ELOGIO DEL CONFLICTO
En realidad,
es una cuestión de orden. Como sugiere Denis Merklen en Brecha (7-VII-23),
podemos estar ante el comienzo de un serio divorcio entre la izquierda
electoral y la izquierda social. En Francia, las manifestaciones contra la
reforma de la seguridad fueron impresionantes, «las más concurridas en muchos
años», y, aunque «no tuvieron efecto político alguno», desgastaron al gobierno
y probablemente engrosaron el caudal electoral de la izquierda.

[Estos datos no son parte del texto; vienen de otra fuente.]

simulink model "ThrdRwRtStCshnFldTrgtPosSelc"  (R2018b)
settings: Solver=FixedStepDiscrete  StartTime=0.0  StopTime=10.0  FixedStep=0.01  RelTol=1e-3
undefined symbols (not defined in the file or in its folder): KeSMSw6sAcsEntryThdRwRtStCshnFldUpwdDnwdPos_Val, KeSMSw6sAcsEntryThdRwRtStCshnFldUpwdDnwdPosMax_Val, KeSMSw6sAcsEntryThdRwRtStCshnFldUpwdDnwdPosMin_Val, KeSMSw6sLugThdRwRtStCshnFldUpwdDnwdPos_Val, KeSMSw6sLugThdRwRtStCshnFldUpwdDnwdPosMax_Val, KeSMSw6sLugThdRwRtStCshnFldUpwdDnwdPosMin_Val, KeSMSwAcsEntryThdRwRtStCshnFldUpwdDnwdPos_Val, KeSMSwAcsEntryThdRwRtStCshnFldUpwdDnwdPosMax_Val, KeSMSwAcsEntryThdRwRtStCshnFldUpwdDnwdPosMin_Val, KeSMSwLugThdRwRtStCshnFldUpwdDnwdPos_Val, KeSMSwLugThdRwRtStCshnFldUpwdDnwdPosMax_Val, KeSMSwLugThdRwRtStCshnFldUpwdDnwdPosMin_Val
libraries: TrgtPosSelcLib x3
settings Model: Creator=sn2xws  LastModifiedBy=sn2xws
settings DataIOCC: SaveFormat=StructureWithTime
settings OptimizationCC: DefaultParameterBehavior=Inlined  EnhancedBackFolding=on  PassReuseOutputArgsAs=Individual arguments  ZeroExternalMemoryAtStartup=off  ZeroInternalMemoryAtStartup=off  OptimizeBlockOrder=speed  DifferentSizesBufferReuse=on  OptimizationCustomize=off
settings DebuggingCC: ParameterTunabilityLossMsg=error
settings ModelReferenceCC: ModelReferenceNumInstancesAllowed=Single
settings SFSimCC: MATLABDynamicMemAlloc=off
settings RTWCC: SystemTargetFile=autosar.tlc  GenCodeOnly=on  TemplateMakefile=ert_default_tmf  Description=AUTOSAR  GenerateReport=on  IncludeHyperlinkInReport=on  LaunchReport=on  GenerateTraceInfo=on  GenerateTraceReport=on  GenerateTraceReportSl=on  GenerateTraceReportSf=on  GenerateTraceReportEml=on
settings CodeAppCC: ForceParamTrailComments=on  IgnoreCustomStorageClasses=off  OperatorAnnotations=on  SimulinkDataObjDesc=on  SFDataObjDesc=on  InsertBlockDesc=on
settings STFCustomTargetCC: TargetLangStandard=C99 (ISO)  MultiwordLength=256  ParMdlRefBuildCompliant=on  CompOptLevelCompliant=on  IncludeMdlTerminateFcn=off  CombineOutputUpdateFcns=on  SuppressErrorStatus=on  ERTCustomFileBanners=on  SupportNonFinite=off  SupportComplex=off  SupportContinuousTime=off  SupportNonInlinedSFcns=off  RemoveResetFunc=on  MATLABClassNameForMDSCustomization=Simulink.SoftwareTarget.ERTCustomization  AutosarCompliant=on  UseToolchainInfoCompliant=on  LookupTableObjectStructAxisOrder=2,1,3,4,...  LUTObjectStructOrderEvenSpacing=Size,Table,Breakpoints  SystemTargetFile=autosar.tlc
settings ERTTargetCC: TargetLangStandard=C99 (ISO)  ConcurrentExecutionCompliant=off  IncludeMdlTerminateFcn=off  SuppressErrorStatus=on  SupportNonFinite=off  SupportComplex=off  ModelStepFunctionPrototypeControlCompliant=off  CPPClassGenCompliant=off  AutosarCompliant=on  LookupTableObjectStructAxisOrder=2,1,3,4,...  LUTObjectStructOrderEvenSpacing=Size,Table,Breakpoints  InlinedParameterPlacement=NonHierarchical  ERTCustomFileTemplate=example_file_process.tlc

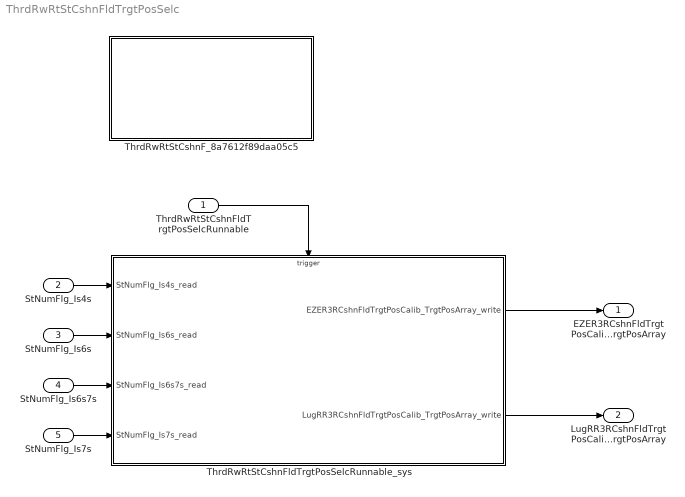
== system ThrdRwRtStCshnFldTrgtPosSelc ==
  ThrdRwRtStCshnFldTrgtPosSelcRunnable : Inport  SampleTime=0.01  OutputFunctionCall=on
  StNumFlg_Is4s : Inport  Port=2  OutDataTypeStr=boolean  PortDimensions=1
  StNumFlg_Is6s : Inport  Port=3  OutDataTypeStr=boolean  PortDimensions=1
  StNumFlg_Is6s7s : Inport  Port=4  OutDataTypeStr=boolean  PortDimensions=1
  StNumFlg_Is7s : Inport  Port=5  OutDataTypeStr=boolean  PortDimensions=1
  ThrdRwRtStCshnF_8a7612f89daa05c5 : Subsystem
  ThrdRwRtStCshnFldTrgtPosSelcRunnable_sys : Subsystem
  EZER3RCshnFldTrgtPosCalib_TrgtPosArray : Outport  Description=|  OutDataTypeStr=uint16  PortDimensions=3
      | 0:Pos
      | 1:Max
      | 2:Min
  LugRR3RCshnFldTrgtPosCalib_TrgtPosArray : Outport  Description=|  Port=2  OutDataTypeStr=uint16  PortDimensions=3
      | 0:Pos
      | 1:Max
      | 2:Min
  wires:
  StNumFlg_Is4s/1 -> ThrdRwRtStCshnFldTrgtPosSelcRunnable_sys/1(StNumFlg_Is4s_read)
  StNumFlg_Is6s/1 -> ThrdRwRtStCshnFldTrgtPosSelcRunnable_sys/2(StNumFlg_Is6s_read)
  StNumFlg_Is6s7s/1 -> ThrdRwRtStCshnFldTrgtPosSelcRunnable_sys/3(StNumFlg_Is6s7s_read)
  StNumFlg_Is7s/1 -> ThrdRwRtStCshnFldTrgtPosSelcRunnable_sys/4(StNumFlg_Is7s_read)
  ThrdRwRtStCshnFldTrgtPosSelcRunnable_sys/1(EZER3RCshnFldTrgtPosCalib_TrgtPosArray_write) -> EZER3RCshnFldTrgtPosCalib_TrgtPosArray/1
  ThrdRwRtStCshnFldTrgtPosSelcRunnable_sys/2(LugRR3RCshnFldTrgtPosCalib_TrgtPosArray_write) -> LugRR3RCshnFldTrgtPosCalib_TrgtPosArray/1
  ThrdRwRtStCshnFldTrgtPosSelcRunnable/1 -> ThrdRwRtStCshnFldTrgtPosSelcRunnable_sys/Trigger

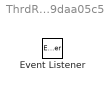
== system ThrdRwRtStCshnFldTrgtPosSelc/ThrdRwRtStCshnF_8a7612f89daa05c5 ==
  Event Listener : EventListener  EventName=reset

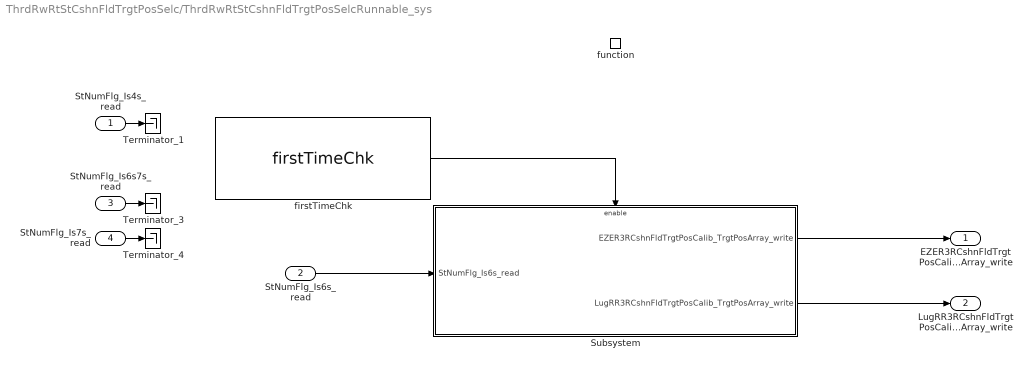
== system ThrdRwRtStCshnFldTrgtPosSelc/ThrdRwRtStCshnFldTrgtPosSelcRunnable_sys ==
  StNumFlg_Is4s_read : Inport
  StNumFlg_Is6s_read : Inport  Port=2
  StNumFlg_Is6s7s_read : Inport  Port=3
  StNumFlg_Is7s_read : Inport  Port=4
  function : TriggerPort  TriggerType=function-call  VariantControl=(inherit)  SampleTimeType=periodic  SampleTime=-1
  Subsystem : Subsystem
  Terminator_1 : Terminator
  Terminator_3 : Terminator
  Terminator_4 : Terminator
  firstTimeChk : TrgtPosSelcLib/firstTimeChk  SystemSampleTime=-1
  EZER3RCshnFldTrgtPosCalib_TrgtPosArray_write : Outport
      settings: EnsureOutportIsVirtual=on
  LugRR3RCshnFldTrgtPosCalib_TrgtPosArray_write : Outport  Port=2
      settings: EnsureOutportIsVirtual=on
  wires:
  StNumFlg_Is4s_read/1 -> Terminator_1/1
  StNumFlg_Is6s7s_read/1 -> Terminator_3/1
  StNumFlg_Is7s_read/1 -> Terminator_4/1
  StNumFlg_Is6s_read/1 -> Subsystem/1(StNumFlg_Is6s_read)
  Subsystem/1(EZER3RCshnFldTrgtPosCalib_TrgtPosArray_write) -> EZER3RCshnFldTrgtPosCalib_TrgtPosArray_write/1
  Subsystem/2(LugRR3RCshnFldTrgtPosCalib_TrgtPosArray_write) -> LugRR3RCshnFldTrgtPosCalib_TrgtPosArray_write/1
  firstTimeChk/1 -> Subsystem/Enable

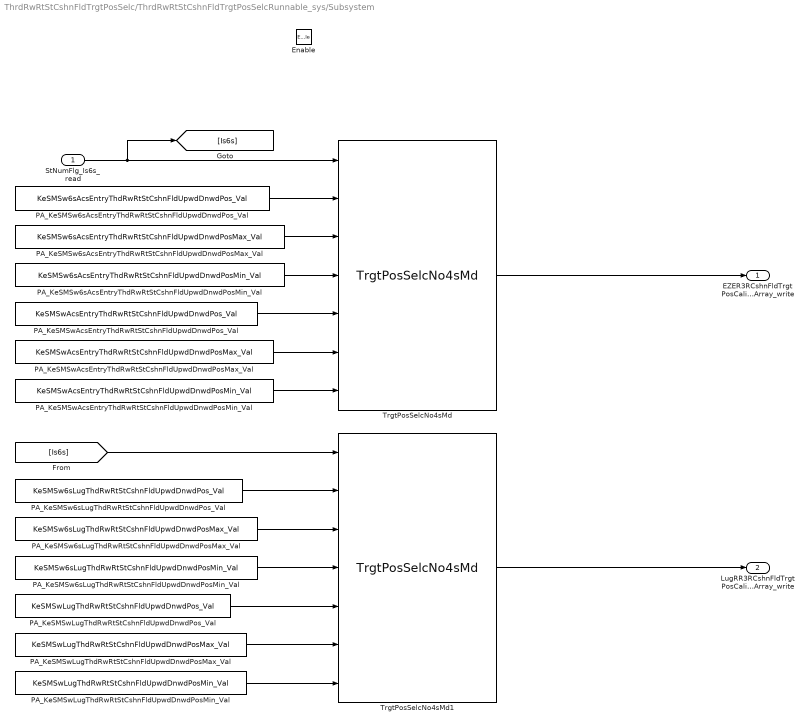
== system ThrdRwRtStCshnFldTrgtPosSelc/ThrdRwRtStCshnFldTrgtPosSelcRunnable_sys/Subsystem ==
  StNumFlg_Is6s_read : Inport
  Enable : EnablePort
  PA_KeSMSw6sAcsEntryThdRwRtStCshnFldUpwdDnwdPosMax_Val : Constant  Value=KeSMSw6sAcsEntryThdRwRtStCshnFldUpwdDnwdPosMax_Val
  PA_KeSMSw6sAcsEntryThdRwRtStCshnFldUpwdDnwdPosMin_Val : Constant  Value=KeSMSw6sAcsEntryThdRwRtStCshnFldUpwdDnwdPosMin_Val
  PA_KeSMSw6sAcsEntryThdRwRtStCshnFldUpwdDnwdPos_Val : Constant  Value=KeSMSw6sAcsEntryThdRwRtStCshnFldUpwdDnwdPos_Val
  PA_KeSMSw6sLugThdRwRtStCshnFldUpwdDnwdPosMax_Val : Constant  Value=KeSMSw6sLugThdRwRtStCshnFldUpwdDnwdPosMax_Val
  PA_KeSMSw6sLugThdRwRtStCshnFldUpwdDnwdPosMin_Val : Constant  Value=KeSMSw6sLugThdRwRtStCshnFldUpwdDnwdPosMin_Val
  PA_KeSMSw6sLugThdRwRtStCshnFldUpwdDnwdPos_Val : Constant  Value=KeSMSw6sLugThdRwRtStCshnFldUpwdDnwdPos_Val
  PA_KeSMSwAcsEntryThdRwRtStCshnFldUpwdDnwdPosMax_Val : Constant  Value=KeSMSwAcsEntryThdRwRtStCshnFldUpwdDnwdPosMax_Val
  PA_KeSMSwAcsEntryThdRwRtStCshnFldUpwdDnwdPosMin_Val : Constant  Value=KeSMSwAcsEntryThdRwRtStCshnFldUpwdDnwdPosMin_Val
  PA_KeSMSwAcsEntryThdRwRtStCshnFldUpwdDnwdPos_Val : Constant  Value=KeSMSwAcsEntryThdRwRtStCshnFldUpwdDnwdPos_Val
  PA_KeSMSwLugThdRwRtStCshnFldUpwdDnwdPosMax_Val : Constant  Value=KeSMSwLugThdRwRtStCshnFldUpwdDnwdPosMax_Val
  PA_KeSMSwLugThdRwRtStCshnFldUpwdDnwdPosMin_Val : Constant  Value=KeSMSwLugThdRwRtStCshnFldUpwdDnwdPosMin_Val
  PA_KeSMSwLugThdRwRtStCshnFldUpwdDnwdPos_Val : Constant  Value=KeSMSwLugThdRwRtStCshnFldUpwdDnwdPos_Val
  TrgtPosSelcNo4sMd : TrgtPosSelcLib/TrgtPosSelcNo4sMd  SystemSampleTime=-1
  TrgtPosSelcNo4sMd1 : TrgtPosSelcLib/TrgtPosSelcNo4sMd  SystemSampleTime=-1
  EZER3RCshnFldTrgtPosCalib_TrgtPosArray_write : Outport
      settings: EnsureOutportIsVirtual=on
  LugRR3RCshnFldTrgtPosCalib_TrgtPosArray_write : Outport  Port=2
      settings: EnsureOutportIsVirtual=on
  wires:
  StNumFlg_Is6s_read/1 -> [Is6s], TrgtPosSelcNo4sMd/1
  TrgtPosSelcNo4sMd/1 -> EZER3RCshnFldTrgtPosCalib_TrgtPosArray_write/1
  TrgtPosSelcNo4sMd1/1 -> LugRR3RCshnFldTrgtPosCalib_TrgtPosArray_write/1
  PA_KeSMSw6sAcsEntryThdRwRtStCshnFldUpwdDnwdPosMax_Val/1 -> TrgtPosSelcNo4sMd/3
  PA_KeSMSw6sAcsEntryThdRwRtStCshnFldUpwdDnwdPos_Val/1 -> TrgtPosSelcNo4sMd/2
  PA_KeSMSw6sAcsEntryThdRwRtStCshnFldUpwdDnwdPosMin_Val/1 -> TrgtPosSelcNo4sMd/4
  PA_KeSMSwAcsEntryThdRwRtStCshnFldUpwdDnwdPosMax_Val/1 -> TrgtPosSelcNo4sMd/6
  PA_KeSMSwAcsEntryThdRwRtStCshnFldUpwdDnwdPosMin_Val/1 -> TrgtPosSelcNo4sMd/7
  PA_KeSMSwAcsEntryThdRwRtStCshnFldUpwdDnwdPos_Val/1 -> TrgtPosSelcNo4sMd/5
  [Is6s] -> TrgtPosSelcNo4sMd1/1
  PA_KeSMSw6sLugThdRwRtStCshnFldUpwdDnwdPosMax_Val/1 -> TrgtPosSelcNo4sMd1/3
  PA_KeSMSw6sLugThdRwRtStCshnFldUpwdDnwdPos_Val/1 -> TrgtPosSelcNo4sMd1/2
  PA_KeSMSw6sLugThdRwRtStCshnFldUpwdDnwdPosMin_Val/1 -> TrgtPosSelcNo4sMd1/4
  PA_KeSMSwLugThdRwRtStCshnFldUpwdDnwdPosMin_Val/1 -> TrgtPosSelcNo4sMd1/7
  PA_KeSMSwLugThdRwRtStCshnFldUpwdDnwdPosMax_Val/1 -> TrgtPosSelcNo4sMd1/6
  PA_KeSMSwLugThdRwRtStCshnFldUpwdDnwdPos_Val/1 -> TrgtPosSelcNo4sMd1/5

Pero la
rebelión de los barrios populares a raíz del asesinato policial de un joven de
origen argelino, que llegó al extremo del incendio de comisarías, puede
favorecer a la ultraderecha en una sociedad que reclama orden y presencia
policial.
Sin ir tan
lejos, es evidente que el conflicto social, cuando no está controlado por las
instituciones de la izquierda, desde las sindicales hasta las partidarias,
puede tener efectos contraproducentes, según la lectura que se hace desde esas
instancias.
Quedan en
el tintero dos cuestiones decisivas: que el conflicto social tiene la enorme
virtud de visibilizar aquello que la calma societal y los grandes medios
ocultan en la espesura de la cotidianeidad, y que eliminar el conflicto puede
conducirnos hacia la barbarie, porque nos bloquea en el presente, como apunta
el psicoanalista Miguel Benasayag, para quien «el elogio del conflicto, lejos
de celebrar el enfrentamiento, afirma el principio mismo de toda emergencia de
lo nuevo, de toda creación».1
Por eso,
considera que «el elogio del conflicto» equivale al «elogio de la vida». De ahí
puede deducirse, claramente, hacia dónde estamos caminando como sociedad.
1.
Miguel Benasayag y Angélique del Rey, Elogio del
conflicto (vol. 2), 90 Intervenciones, pág. 122.